Does the Weeks manifold have the smallest volume among all finite volume oriented hyperbolic 3-manifolds? It is a result of Chinburg-Friedman-Jones-Reid that the arithmetic hyperbolic 3-manifold of smallest volume is the Weeks manifold.
There is also a result of Milley that says that if $N$ is a closed orientable hyperbolic 3-manifold with volume less than or equal to that of the Weeks manifold, then $N$ is homeomorphic to the Weeks manifold.
My question is, therefore, is it possible to have a non-arithmetic, non-closed, orientable hyperbolic 3-manifold with volume smaller than that of the Weeks manifold? I am also curious if increasing the number of cusps necessarily increases the volume, as this would be sufficient to answer my question.
 A: The answer given in the comment by Ryan Budney should be enough, but let me give you a couple of theorems if it is still not so clear.
Suppose you have a finite volume hyperbolic complete orientable manifold $M$. Suppose that $M$ has cusps (hence, it is not compact).
Theorem [Thick-thin decomposition]: $M$ is diffeomorphic to the interior of a compact manifold $N$ with $\partial N$ that consist of a disjoint union of tori $T_1, \ldots, T_c$.
Fix the notation $\mathring{N}=M$.
One operation that you can perform on $N$ is the Dehn Filling: choose a boundary component $T_i$, choose a diffeomorphism $f_i \colon \partial(D^2 \times S^1) \to T_i$ and consider the new manifold
$$ N(f_i) = N \cup_{f_i} D^2 \times S^1$$
obtained by gluing a solid torus to the chosen boundary component using the chosen diffeomorphism. Through this operation, you fill one boundary component with a solid torus.
The manifold that you obtain depends on the diffeomorphism $f_i$ that you choose. Suppose that you perform Dehn Filling on every boundary component of $N$ with functions $f_1,\ldots, f_c$. Call the result of these Dehn Fillings $N(f_1,\ldots, f_c)$. It is a closed manifold. Now, there are two results that can help you. These can be found in the notes of Thurston, but I will give you another citation that may help you.
Theorem [1, Theorem 15.1.1, Hyperbolic Dehn filling, very basic version]: There are functions $f_1,\ldots, f_c$ such that $N(f_1,\ldots, f_c)$ admits a hyperbolic metric.
Theorem [1, Theorem 15.4.1]: Suppose that $N(f_1,\ldots, f_c)$ admits a hyperbolic metric. Then $vol(N(f_1,\ldots, f_c)) < vol(M)$.

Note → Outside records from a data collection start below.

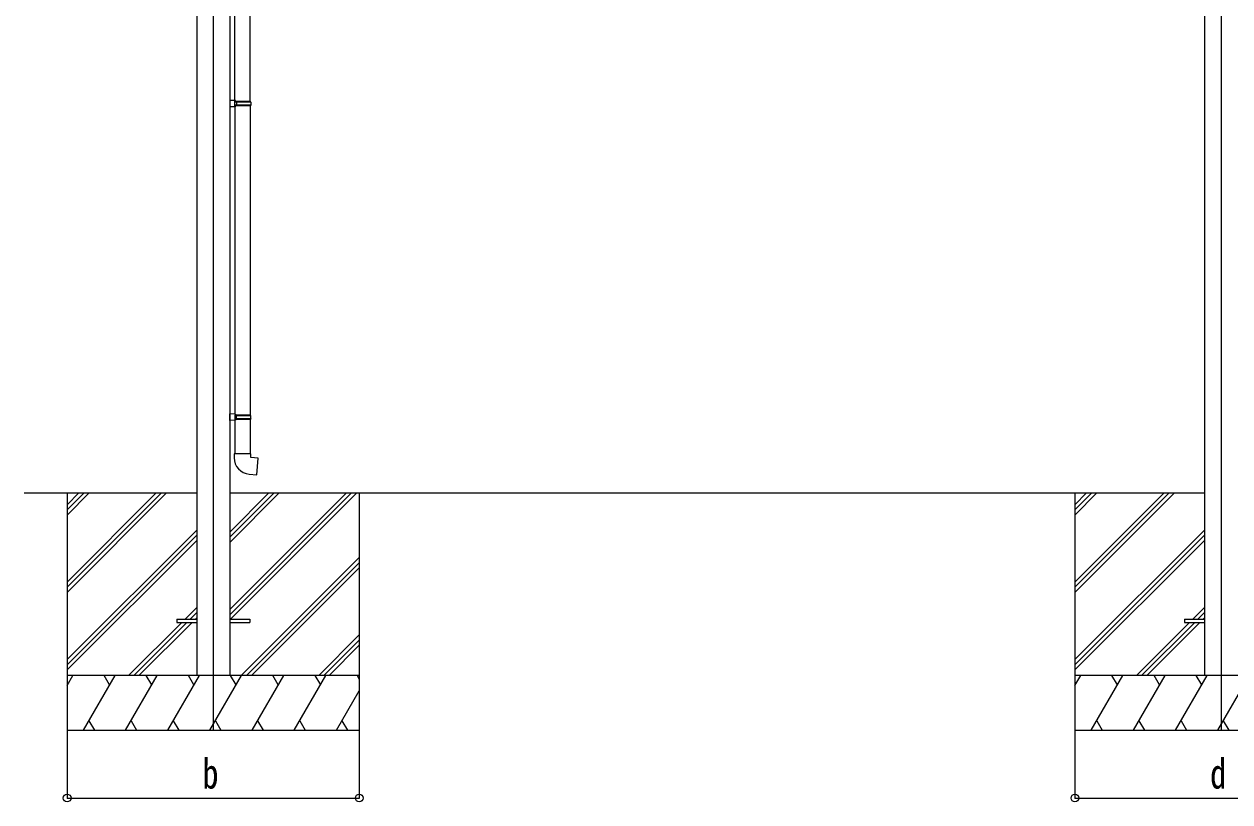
# Model space of a CAD drawing. Units: millimetres, scale not verified. Extents: x -10512 to 10512, y -7425 to 7425.
# Drawn here: x -4511 to -1208, y -5061 to -2931 of the extents above; entities that cross this region are included whole.
import ezdxf
from ezdxf.enums import TextEntityAlignment as Align

# ---------------------------------------------------------------- set-up
doc = ezdxf.new("R2010")
doc.units = ezdxf.units.MM
doc.header["$LTSCALE"] = 30
for name, color, linetype in [('0-3_YKK_12', 2, 'Continuous'), ('0-4_YKK_13', 4, 'Continuous'), ('0-5_YKK_A1', 4, 'Continuous'), ('0-6_YKK_D', 6, 'Continuous')]:
    doc.layers.add(name, color=color, linetype=linetype)
doc.styles.add('ＭＳ ゴシック', font='')
doc.styles.get('ＭＳ ゴシック').set_extended_font_data('MS Gothic')

msp = doc.modelspace()

# ---------------------------------------------------------------- linework, layer by layer
at = {"layer": '0-3_YKK_12'}
for p, q in [((-3992.65, -1690.75), (-3992.65, -4865.15)), ((-1232.65, -1690.75), (-1232.65, -4865.15))]:
    msp.add_line(p, q, dxfattribs=at)
at = {"layer": '0-4_YKK_13'}
for p, q in [((-3933.45, -3139.77), (-3933.45, -2297.64)), ((-3891.45, -3142.33), (-3891.45, -2295.08)), ((-3931.45, -3139.83), (-3947.45, -3139.36)), ((-3947.45, -3139.36), (-3947.45, -3157.3)), ((-3931.45, -3156.83), (-3947.45, -3157.3)), ((-3931.45, -3141.83), (-3933.45, -3141.83)), ((-3890.45, -3142.33), (-3933.45, -3142.33)), ((-3889.45, -3144.33), (-3933.45, -3144.33)), ((-3889.45, -3152.33), (-3933.45, -3152.33)), ((-3890.45, -3154.33), (-3933.45, -3154.33)), ((-3933.45, -3156.89), (-3933.45, -3999.02)), ((-3931.45, -3141.83), (-3931.45, -3139.83)), ((-3931.45, -3156.83), (-3931.45, -3154.83)), ((-3928.97, -3144.33), (-3928.54, -3142.33)), ((-3891.45, -3154.33), (-3891.45, -4001.58)), ((-3889.45, -3144.33), (-3890.45, -3142.33)), ((-3889.45, -3152.33), (-3890.45, -3154.33)), ((-3889.45, -3144.33), (-3889.45, -3152.33)), ((-3931.45, -3999.08), (-3947.45, -3998.61)), ((-3947.45, -4016.55), (-3947.45, -3998.61)), ((-3931.45, -4016.08), (-3947.45, -4016.55)), ((-3890.45, -4001.58), (-3933.45, -4001.58)), ((-3889.45, -4003.58), (-3933.45, -4003.58)), ((-3889.45, -4011.58), (-3933.45, -4011.58)), ((-3890.45, -4013.58), (-3933.45, -4013.58)), ((-3931.45, -4014.08), (-3933.45, -4014.08)), ((-3933.45, -4016.14), (-3933.45, -4107.58)), ((-3931.45, -3999.08), (-3931.45, -4001.08)), ((-3931.45, -4014.08), (-3931.45, -4016.08)), ((-3928.97, -4011.58), (-3928.54, -4013.58)), ((-3891.45, -4013.58), (-3891.45, -4107.58)), ((-3889.45, -4003.58), (-3890.45, -4001.58)), ((-3889.45, -4011.58), (-3890.45, -4013.58)), ((-3889.45, -4011.58), (-3889.45, -4003.58)), ((-3889.45, -4107.58), (-3935.45, -4107.58)), ((-3935.45, -4107.58), (-3935.45, -4118.5)), ((-3889.45, -4117.58), (-3889.45, -4107.58)), ((-4092.65, -4560.65), (-4092.65, -4569.65)), ((-4092.65, -4560.65), (-4037.85, -4560.65)), ((-4092.65, -4569.65), (-4037.85, -4569.65)), ((-3947.45, -4560.65), (-3892.65, -4560.65)), ((-3947.45, -4569.65), (-3892.65, -4569.65)), ((-3892.65, -4560.65), (-3892.65, -4569.65)), ((-1332.65, -4560.65), (-1332.65, -4569.65)), ((-1332.65, -4560.65), (-1277.85, -4560.65)), ((-1332.65, -4569.65), (-1277.85, -4569.65))]:
    msp.add_line(p, q, dxfattribs=at)
for points in [[(-3931.45, -3154.83), (-3933.45, -3154.83), (-3933.45, -3141.83)], [(-3928.97, -3144.33), (-3928.97, -3152.33), (-3928.54, -3154.33)], [(-3931.45, -4001.08), (-3933.45, -4001.08), (-3933.45, -4014.08)], [(-3928.97, -4011.58), (-3928.97, -4003.58), (-3928.54, -4001.58)], [(-3894.37, -4163.33), (-3873.53, -4165.15), (-3869.52, -4119.32), (-3889.45, -4117.58)]]:
    msp.add_lwpolyline(points, dxfattribs=at)
msp.add_arc((-3890.45, -4118.5), 45, 180, 265, dxfattribs=at)
at = {"layer": '0-5_YKK_A1'}
for p, q in [((-4037.85, -2086.15), (-4037.85, -4715.15)), ((-3947.45, -2086.15), (-3947.45, -4715.15)), ((-1277.85, -2086.15), (-1277.85, -4715.15)), ((-4510.68, -4215.15), (-4037.85, -4215.15)), ((-4392.85, -4215.15), (-4392.85, -4865.15)), ((-4392.85, -4459.33), (-4148.67, -4215.15)), ((-4392.85, -4473.47), (-4134.53, -4215.15)), ((-4392.85, -4487.61), (-4120.39, -4215.15)), ((-4392.85, -4275.48), (-4332.52, -4215.15)), ((-4392.85, -4261.34), (-4346.66, -4215.15)), ((-4392.85, -4247.2), (-4360.8, -4215.15)), ((-3947.65, -4534.63), (-3628.17, -4215.15)), ((-3947.65, -4548.77), (-3614.03, -4215.15)), ((-3947.65, -4350.78), (-3812.02, -4215.15)), ((-3947.65, -4336.64), (-3826.16, -4215.15)), ((-3947.65, -4322.5), (-3840.3, -4215.15)), ((-3947.45, -4215.15), (-1277.85, -4215.15)), ((-3945.39, -4560.65), (-3599.89, -4215.15)), ((-3592.85, -4215.15), (-3592.85, -4865.15)), ((-1632.85, -4215.15), (-1632.85, -4865.15)), ((-1632.85, -4459.33), (-1388.67, -4215.15)), ((-1632.85, -4473.47), (-1374.53, -4215.15)), ((-1632.85, -4487.61), (-1360.39, -4215.15)), ((-1632.85, -4275.48), (-1572.52, -4215.15)), ((-1632.85, -4261.34), (-1586.66, -4215.15)), ((-1632.85, -4247.2), (-1600.8, -4215.15)), ((-4392.85, -4671.46), (-4038.05, -4316.66)), ((-1632.85, -4671.46), (-1278.05, -4316.66)), ((-4392.85, -4685.6), (-4038.05, -4330.8)), ((-4392.85, -4699.74), (-4038.05, -4344.94)), ((-1632.85, -4685.6), (-1278.05, -4330.8)), ((-1632.85, -4699.74), (-1278.05, -4344.94)), ((-3916.04, -4715.15), (-3592.85, -4391.96)), ((-3901.9, -4715.15), (-3592.85, -4406.1)), ((-3887.76, -4715.15), (-3592.85, -4420.24)), ((-4069.91, -4560.65), (-4038.05, -4528.79)), ((-4055.77, -4560.65), (-4038.05, -4542.93)), ((-4041.62, -4560.65), (-4038.05, -4557.08)), ((-1309.91, -4560.65), (-1278.05, -4528.79)), ((-1295.77, -4560.65), (-1278.05, -4542.93)), ((-1281.62, -4560.65), (-1278.05, -4557.08)), ((-4224.41, -4715.15), (-4078.91, -4569.65)), ((-4210.27, -4715.15), (-4064.77, -4569.65)), ((-4196.12, -4715.15), (-4050.62, -4569.65)), ((-1464.41, -4715.15), (-1318.91, -4569.65)), ((-1450.27, -4715.15), (-1304.77, -4569.65)), ((-1436.12, -4715.15), (-1290.62, -4569.65)), ((-3703.91, -4715.15), (-3592.85, -4604.09)), ((-3689.77, -4715.15), (-3592.85, -4618.23)), ((-3675.62, -4715.15), (-3592.85, -4632.38)), ((-3592.85, -4715.15), (-4392.85, -4715.15)), ((-4392.85, -4742.65), (-4376.97, -4715.15)), ((-4348.1, -4865.15), (-4261.5, -4715.15)), ((-4276.5, -4741.13), (-4291.5, -4715.15)), ((-4232.63, -4865.15), (-4146.03, -4715.15)), ((-4161.03, -4741.13), (-4176.03, -4715.15)), ((-4117.16, -4865.15), (-4030.56, -4715.15)), ((-4045.56, -4741.13), (-4060.56, -4715.15)), ((-4001.69, -4865.15), (-3915.09, -4715.15)), ((-3930.09, -4741.13), (-3945.09, -4715.15)), ((-3886.22, -4865.15), (-3799.62, -4715.15)), ((-3814.62, -4741.13), (-3829.62, -4715.15)), ((-3770.75, -4865.15), (-3684.15, -4715.15)), ((-3714.15, -4715.15), (-3699.15, -4741.13)), ((-3598.68, -4715.15), (-3592.85, -4725.25)), ((-832.85, -4715.15), (-1632.85, -4715.15)), ((-1632.85, -4742.65), (-1616.97, -4715.15)), ((-1588.1, -4865.15), (-1501.5, -4715.15)), ((-1516.5, -4741.13), (-1531.5, -4715.15)), ((-1472.63, -4865.15), (-1386.03, -4715.15)), ((-1401.03, -4741.13), (-1416.03, -4715.15)), ((-1357.16, -4865.15), (-1270.56, -4715.15)), ((-1285.56, -4741.13), (-1300.56, -4715.15)), ((-1241.69, -4865.15), (-1155.09, -4715.15)), ((-3655.28, -4865.15), (-3592.85, -4757.01)), ((-4333.1, -4839.17), (-4318.11, -4865.15)), ((-4217.63, -4839.17), (-4202.63, -4865.15)), ((-4102.16, -4839.17), (-4087.16, -4865.15)), ((-3986.69, -4839.17), (-3971.69, -4865.15)), ((-3871.22, -4839.17), (-3856.22, -4865.15)), ((-3755.75, -4839.17), (-3740.75, -4865.15)), ((-3640.28, -4839.17), (-3625.28, -4865.15)), ((-1573.1, -4839.17), (-1558.11, -4865.15)), ((-1457.63, -4839.17), (-1442.63, -4865.15)), ((-1342.16, -4839.17), (-1327.16, -4865.15)), ((-1226.69, -4839.17), (-1211.69, -4865.15)), ((-4392.85, -4865.15), (-3592.85, -4865.15)), ((-1632.85, -4865.15), (-832.85, -4865.15))]:
    msp.add_line(p, q, dxfattribs=at)
at = {"layer": '0-6_YKK_D'}
for p, q in [((-3592.85, -4850.93), (-3592.85, -5051.86)), ((-4392.85, -4865.15), (-4392.85, -5051.86)), ((-1632.85, -4865.15), (-1632.85, -5051.86)), ((-4392.85, -5050.86), (-3592.85, -5050.86)), ((-1632.85, -5050.86), (-832.85, -5050.86))]:
    msp.add_line(p, q, dxfattribs=at)
for centre in [(-4392.85, -5050.86), (-3592.85, -5050.86), (-1632.85, -5050.86)]:
    msp.add_circle(centre, 10.62, dxfattribs=at)

# ---------------------------------------------------------------- texts
at = {"layer": '0-6_YKK_D', "style": 'ＭＳ ゴシック', "width": 0.8}
for s, p in [('b', (-4022.85, -5049.56)), ('d', (-1262.85, -5049.56))]:
    msp.add_text(s, height=82.48, dxfattribs=at).set_placement(p, align=Align.BOTTOM_LEFT)

doc.saveas('drawing.dxf')

Using all these results, it is easy to show that a cusped hyperbolic manifold with volume less than the smallest volume of a closed hyperbolic manifold cannot exist: in this case, you could Dehn Fill it and obtain a closed manifold with even smaller volume, contradicting the hypothesis.
[1]: Martelli Bruno, An Introduction to Geometric Topology.